Actor[] global_actors;
...
function update_positions ()
{
for_each (Actor a in global_actors)
{
a.position = update(a.position);
}
}
This seems like a reasonable approach, right?
Except it has a serious flaw. Step by step, what actually happens is something like this: the first Actor is loaded – a cache miss, so its loaded from RAM, into the cache. The position is read and updated and written to the cache (the processor will flush the change to RAM in the background). Then the second Actor is loaded, but this is also a cache miss, so its loaded from RAM.. and so on for each Actor. This is because the cache line is taken up by other unrelated properties of the Actor class.
If, instead, the positions of all Actors was stored together (and the health for all Actors is stored together, and the inventories and geometry and so forth), lets say as four arrays of structures – something like the following:
Position[] actor_positions;
Health[] actor_health;
Inventory[] actor_inventories;
Geometry[] actor_geometry;
...
function update_positions ()
{
for_each (Position p in actor_positions)
{
p.position = update(p.position);
}
}
the update function would be much more cache friendly. This is because the position objects are adjacent in memory. By accessing the first one, the second and third and so on are loaded into the cache (how many are loaded depends on the size of the Position structure and the size of a cache line). So instead of having to access RAM for every Actor, it now only needs to do so once for however many Position structures fit in a cache line. Less cache misses equals higher performance.
So back to entity systems.

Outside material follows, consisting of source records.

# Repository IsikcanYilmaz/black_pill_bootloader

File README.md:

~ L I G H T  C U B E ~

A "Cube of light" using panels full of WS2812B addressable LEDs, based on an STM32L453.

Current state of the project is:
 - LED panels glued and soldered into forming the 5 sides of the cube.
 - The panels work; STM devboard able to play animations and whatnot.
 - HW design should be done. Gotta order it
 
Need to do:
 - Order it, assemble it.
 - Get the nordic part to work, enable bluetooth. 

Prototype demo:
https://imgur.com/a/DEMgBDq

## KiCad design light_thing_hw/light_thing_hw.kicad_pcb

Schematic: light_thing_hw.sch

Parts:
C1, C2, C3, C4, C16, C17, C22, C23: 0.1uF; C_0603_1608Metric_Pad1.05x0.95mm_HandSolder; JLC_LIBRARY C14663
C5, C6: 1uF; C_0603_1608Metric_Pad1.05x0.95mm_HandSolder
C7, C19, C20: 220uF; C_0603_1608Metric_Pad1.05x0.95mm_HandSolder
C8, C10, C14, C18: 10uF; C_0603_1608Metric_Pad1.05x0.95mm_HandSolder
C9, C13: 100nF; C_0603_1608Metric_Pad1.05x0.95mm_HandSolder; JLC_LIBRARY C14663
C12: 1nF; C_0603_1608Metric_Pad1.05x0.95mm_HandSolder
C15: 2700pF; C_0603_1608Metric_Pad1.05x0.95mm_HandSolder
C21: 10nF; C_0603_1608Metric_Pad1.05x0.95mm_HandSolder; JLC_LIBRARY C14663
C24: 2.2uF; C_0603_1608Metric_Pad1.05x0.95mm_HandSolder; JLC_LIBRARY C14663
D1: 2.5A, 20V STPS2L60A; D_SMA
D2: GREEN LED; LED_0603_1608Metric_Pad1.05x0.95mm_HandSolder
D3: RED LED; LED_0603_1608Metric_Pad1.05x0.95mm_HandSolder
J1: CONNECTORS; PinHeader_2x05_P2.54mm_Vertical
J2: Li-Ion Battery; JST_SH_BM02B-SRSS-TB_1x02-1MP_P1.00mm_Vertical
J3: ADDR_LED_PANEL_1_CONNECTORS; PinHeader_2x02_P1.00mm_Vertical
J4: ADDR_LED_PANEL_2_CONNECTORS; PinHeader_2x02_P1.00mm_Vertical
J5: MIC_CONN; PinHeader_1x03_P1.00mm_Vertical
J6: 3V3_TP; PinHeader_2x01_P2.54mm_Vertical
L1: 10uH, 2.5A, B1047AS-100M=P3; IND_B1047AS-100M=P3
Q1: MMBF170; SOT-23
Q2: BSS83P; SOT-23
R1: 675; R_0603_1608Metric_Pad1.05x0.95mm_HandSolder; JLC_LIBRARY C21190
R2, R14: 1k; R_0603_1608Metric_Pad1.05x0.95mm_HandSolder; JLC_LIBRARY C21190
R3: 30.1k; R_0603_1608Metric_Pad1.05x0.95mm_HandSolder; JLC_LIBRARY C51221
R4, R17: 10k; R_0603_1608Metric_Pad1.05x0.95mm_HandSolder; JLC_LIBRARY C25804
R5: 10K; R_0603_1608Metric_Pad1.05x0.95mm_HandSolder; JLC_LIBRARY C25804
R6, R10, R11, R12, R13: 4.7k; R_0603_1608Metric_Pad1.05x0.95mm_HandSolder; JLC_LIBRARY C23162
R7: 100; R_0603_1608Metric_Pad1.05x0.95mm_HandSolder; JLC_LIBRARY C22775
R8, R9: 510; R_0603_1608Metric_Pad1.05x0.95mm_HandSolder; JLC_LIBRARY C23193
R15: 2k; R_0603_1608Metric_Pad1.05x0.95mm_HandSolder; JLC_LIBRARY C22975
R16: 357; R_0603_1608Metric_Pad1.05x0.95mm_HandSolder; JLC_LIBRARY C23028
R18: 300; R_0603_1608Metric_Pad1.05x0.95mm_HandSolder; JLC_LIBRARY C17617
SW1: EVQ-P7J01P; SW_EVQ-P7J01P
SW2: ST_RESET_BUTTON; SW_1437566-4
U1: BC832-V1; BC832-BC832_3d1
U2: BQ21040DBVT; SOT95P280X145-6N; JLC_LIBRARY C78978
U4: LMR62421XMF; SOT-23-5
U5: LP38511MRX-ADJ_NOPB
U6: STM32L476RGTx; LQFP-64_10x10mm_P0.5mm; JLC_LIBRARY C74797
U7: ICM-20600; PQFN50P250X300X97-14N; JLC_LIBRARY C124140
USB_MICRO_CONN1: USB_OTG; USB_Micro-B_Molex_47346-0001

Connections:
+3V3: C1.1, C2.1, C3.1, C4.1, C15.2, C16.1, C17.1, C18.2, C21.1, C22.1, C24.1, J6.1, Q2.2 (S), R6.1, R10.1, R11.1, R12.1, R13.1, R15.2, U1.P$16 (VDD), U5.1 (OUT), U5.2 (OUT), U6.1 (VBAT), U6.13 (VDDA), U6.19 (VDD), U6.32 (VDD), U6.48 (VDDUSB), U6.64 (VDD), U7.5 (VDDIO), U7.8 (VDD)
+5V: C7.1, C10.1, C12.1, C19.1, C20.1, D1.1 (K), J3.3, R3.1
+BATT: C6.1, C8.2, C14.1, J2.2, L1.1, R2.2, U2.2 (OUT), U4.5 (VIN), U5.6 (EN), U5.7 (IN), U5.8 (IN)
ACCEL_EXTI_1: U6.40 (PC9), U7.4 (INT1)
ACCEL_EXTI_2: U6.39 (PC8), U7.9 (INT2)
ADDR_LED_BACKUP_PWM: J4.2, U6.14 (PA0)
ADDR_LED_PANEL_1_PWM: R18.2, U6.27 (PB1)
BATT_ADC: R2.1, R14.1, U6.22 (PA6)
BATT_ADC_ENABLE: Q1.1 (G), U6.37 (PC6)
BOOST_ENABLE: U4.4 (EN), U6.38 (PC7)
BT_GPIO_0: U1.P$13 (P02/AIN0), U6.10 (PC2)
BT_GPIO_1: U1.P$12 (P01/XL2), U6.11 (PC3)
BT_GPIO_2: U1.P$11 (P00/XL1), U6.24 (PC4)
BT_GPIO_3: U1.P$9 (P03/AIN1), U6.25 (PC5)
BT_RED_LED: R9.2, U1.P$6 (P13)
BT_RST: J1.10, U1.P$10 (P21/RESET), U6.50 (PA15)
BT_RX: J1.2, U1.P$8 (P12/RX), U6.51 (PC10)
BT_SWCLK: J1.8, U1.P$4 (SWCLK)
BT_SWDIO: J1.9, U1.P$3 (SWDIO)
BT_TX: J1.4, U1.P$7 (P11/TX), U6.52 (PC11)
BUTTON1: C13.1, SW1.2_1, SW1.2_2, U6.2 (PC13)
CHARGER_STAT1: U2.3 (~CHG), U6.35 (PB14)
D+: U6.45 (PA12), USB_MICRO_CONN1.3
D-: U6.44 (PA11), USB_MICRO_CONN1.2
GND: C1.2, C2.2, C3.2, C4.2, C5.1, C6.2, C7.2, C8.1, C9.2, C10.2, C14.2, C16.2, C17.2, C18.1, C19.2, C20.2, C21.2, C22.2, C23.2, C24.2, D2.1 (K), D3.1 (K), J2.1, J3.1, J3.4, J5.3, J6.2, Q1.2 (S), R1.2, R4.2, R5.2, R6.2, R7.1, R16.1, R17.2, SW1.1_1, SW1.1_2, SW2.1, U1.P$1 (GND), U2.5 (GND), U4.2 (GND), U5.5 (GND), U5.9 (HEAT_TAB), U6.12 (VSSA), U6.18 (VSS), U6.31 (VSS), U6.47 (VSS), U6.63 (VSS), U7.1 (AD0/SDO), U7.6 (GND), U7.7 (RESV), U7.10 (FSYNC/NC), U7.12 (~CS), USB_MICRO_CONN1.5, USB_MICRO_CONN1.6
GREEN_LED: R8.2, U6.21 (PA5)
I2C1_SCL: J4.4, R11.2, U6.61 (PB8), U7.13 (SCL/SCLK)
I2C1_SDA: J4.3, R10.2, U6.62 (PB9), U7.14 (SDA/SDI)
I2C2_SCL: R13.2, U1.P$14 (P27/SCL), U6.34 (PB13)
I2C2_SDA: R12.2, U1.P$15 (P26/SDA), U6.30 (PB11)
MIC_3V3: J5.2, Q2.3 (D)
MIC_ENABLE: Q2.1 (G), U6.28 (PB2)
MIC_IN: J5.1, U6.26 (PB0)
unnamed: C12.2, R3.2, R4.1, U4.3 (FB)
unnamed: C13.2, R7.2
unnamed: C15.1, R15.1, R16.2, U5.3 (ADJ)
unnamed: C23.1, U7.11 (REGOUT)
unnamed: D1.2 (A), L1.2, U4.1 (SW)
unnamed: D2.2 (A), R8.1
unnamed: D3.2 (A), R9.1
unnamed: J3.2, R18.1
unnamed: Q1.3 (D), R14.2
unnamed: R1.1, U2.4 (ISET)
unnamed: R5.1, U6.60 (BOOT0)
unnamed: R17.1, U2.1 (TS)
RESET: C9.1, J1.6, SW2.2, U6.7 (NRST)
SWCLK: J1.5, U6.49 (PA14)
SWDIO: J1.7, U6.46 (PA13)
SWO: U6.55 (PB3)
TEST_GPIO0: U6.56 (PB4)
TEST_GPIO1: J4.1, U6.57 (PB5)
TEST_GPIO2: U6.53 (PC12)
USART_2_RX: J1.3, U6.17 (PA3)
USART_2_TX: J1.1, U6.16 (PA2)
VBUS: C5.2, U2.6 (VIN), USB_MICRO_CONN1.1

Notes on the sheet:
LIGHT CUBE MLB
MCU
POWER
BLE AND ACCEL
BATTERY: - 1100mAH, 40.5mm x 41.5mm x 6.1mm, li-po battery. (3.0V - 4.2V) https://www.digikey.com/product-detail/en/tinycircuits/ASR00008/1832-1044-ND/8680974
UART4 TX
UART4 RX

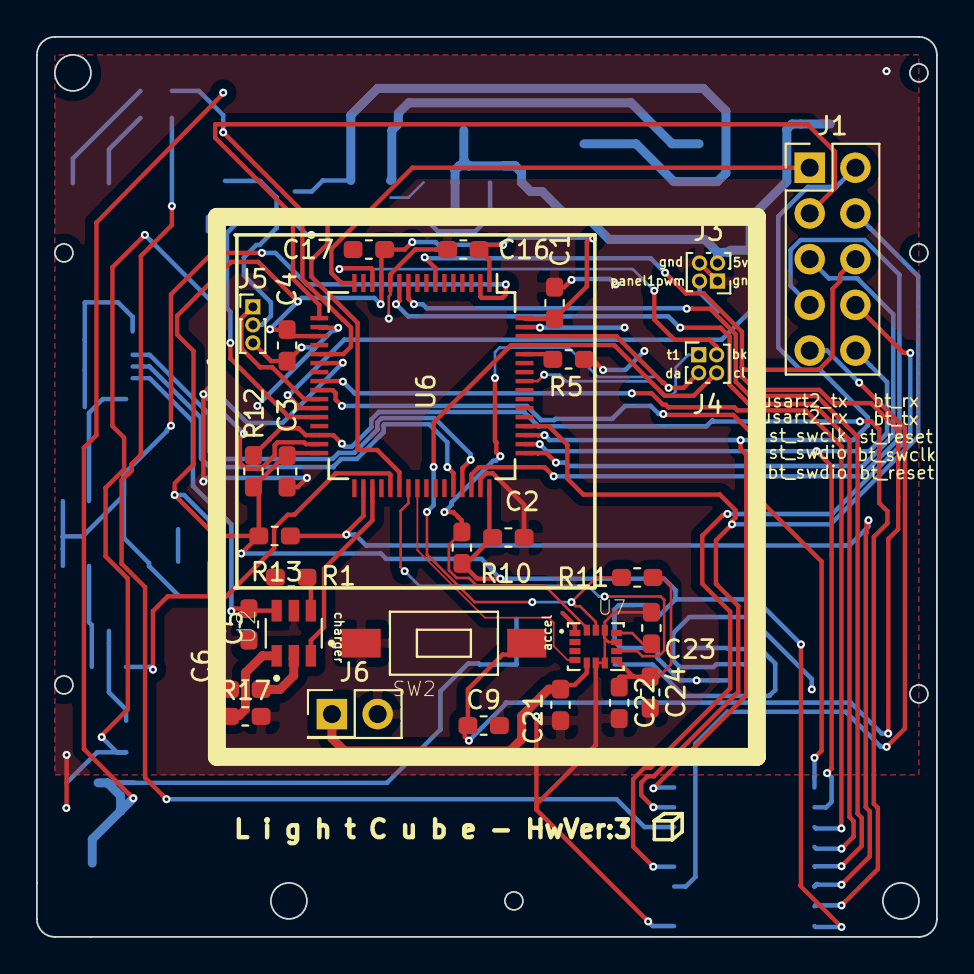
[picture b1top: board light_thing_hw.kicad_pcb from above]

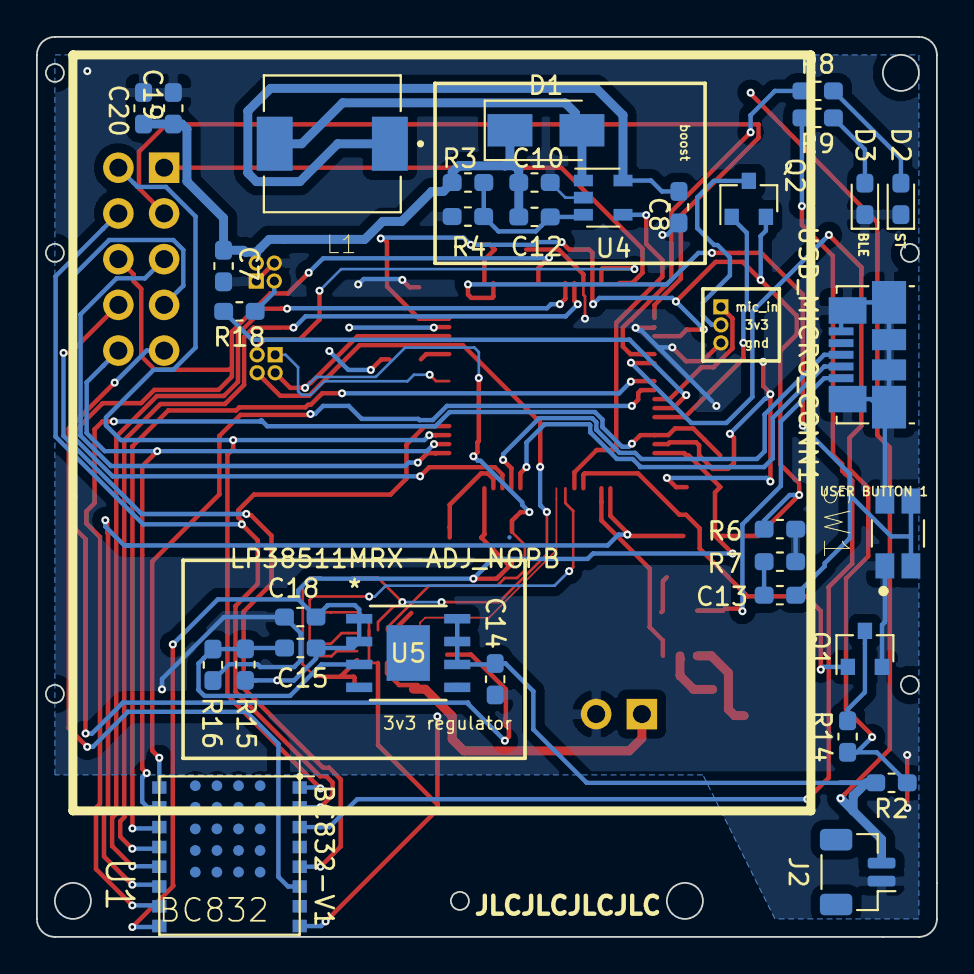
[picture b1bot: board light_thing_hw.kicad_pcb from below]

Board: 2 copper layers, 50.0 x 50.0 mm, 62 parts (33 on the bottom side), 52 nets.

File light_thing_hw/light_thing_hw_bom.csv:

Id,Designator,Package,Quantity,Designation,Reference / name,Supplier,Notes,unit price,multiplier,total
1,"C6,C5",C_0603_1608Metric_Pad1.05x0.95mm_HandSolder,2,1uF,CL10A105KP8NNNC,,,0.038,2,0.076
2,"C7,C19,C20",C_0603_1608Metric_Pad1.05x0.95mm_HandSolder,3,220uF,GRM31CC80G227ME11L,,,1.29,3,3.87
3,J5,PinHeader_1x03_P1.00mm_Vertical,1,MIC_CONN, ---,,,0,1,0
4,U5A1,LQFP-64-1EP_10x10mm_P0.5mm_EP6.5x6.5mm,1,STM32L452RETx,?STM32L452RET6?,,,7.1,1,7.1
5,"C1,C2,C3,C4,C16,C17",C_0603_1608Metric_Pad1.05x0.95mm_HandSolder,6,0.1uF,?C0603C104Z3VACTU?,,,0.031,6,0.186
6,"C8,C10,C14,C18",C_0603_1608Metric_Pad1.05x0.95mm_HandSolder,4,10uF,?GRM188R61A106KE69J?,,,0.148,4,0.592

In an entity system, an entity (like the Actor entity) is a collection of traits (like Position). Since the traits are separated from the entities which posses these traits, they can be stored together, such as in an array. Since the traits can be stored together, processing them iteratively, for example, within a system which updates or handles them, conforms to the principle of locality of reference, and is therefore cache friendly.
Entity systems have a number of benefits as a software paradigm, architectural pattern and abstraction, including:
- Separation of concerns – features and functionality is split into distinct traits (the properties/data) and systems (the code implementing the features)
- Encapsulation – entity systems promote well-defined, potentially restricted interfaces for external systems to change traits (such as, through message passing), essentially a form of encapsulation and data-hiding. Similarly since traits can be considered independently, they offer an abstraction over specific entities
- Concurrency – as systems are independent, operating on their traits should be an independent procedure, allowing systems to be executed concurrently
- Polymorphism – entities can be treated as objects which are a union of their traits, that is, entities essentially function as a duck-typed object system
- Inheritance – the concept of an entity system doesn’t give inheritance in itself, however an implementation could by, for example, allowing entities to be used as templates for new entities (create a new entity with the same traits as an existing entity – prototype based OO – which can then be extended by adding other traits, if required)
- Code reuse – traits and systems offer an appealing method of code reuse
- Cache friendliness – a described above, the nature of entity systems provides opportunities for cache friendly implementations
I’m sure I missed more. As can be seen from the list above, an entity system shares most, if not all, of the desirable traits of object oriented programming, as well as some which are dificult in object oriented software such as concurrency. One can easily see that entity systems are an appealing paradigm for many kinds of software development.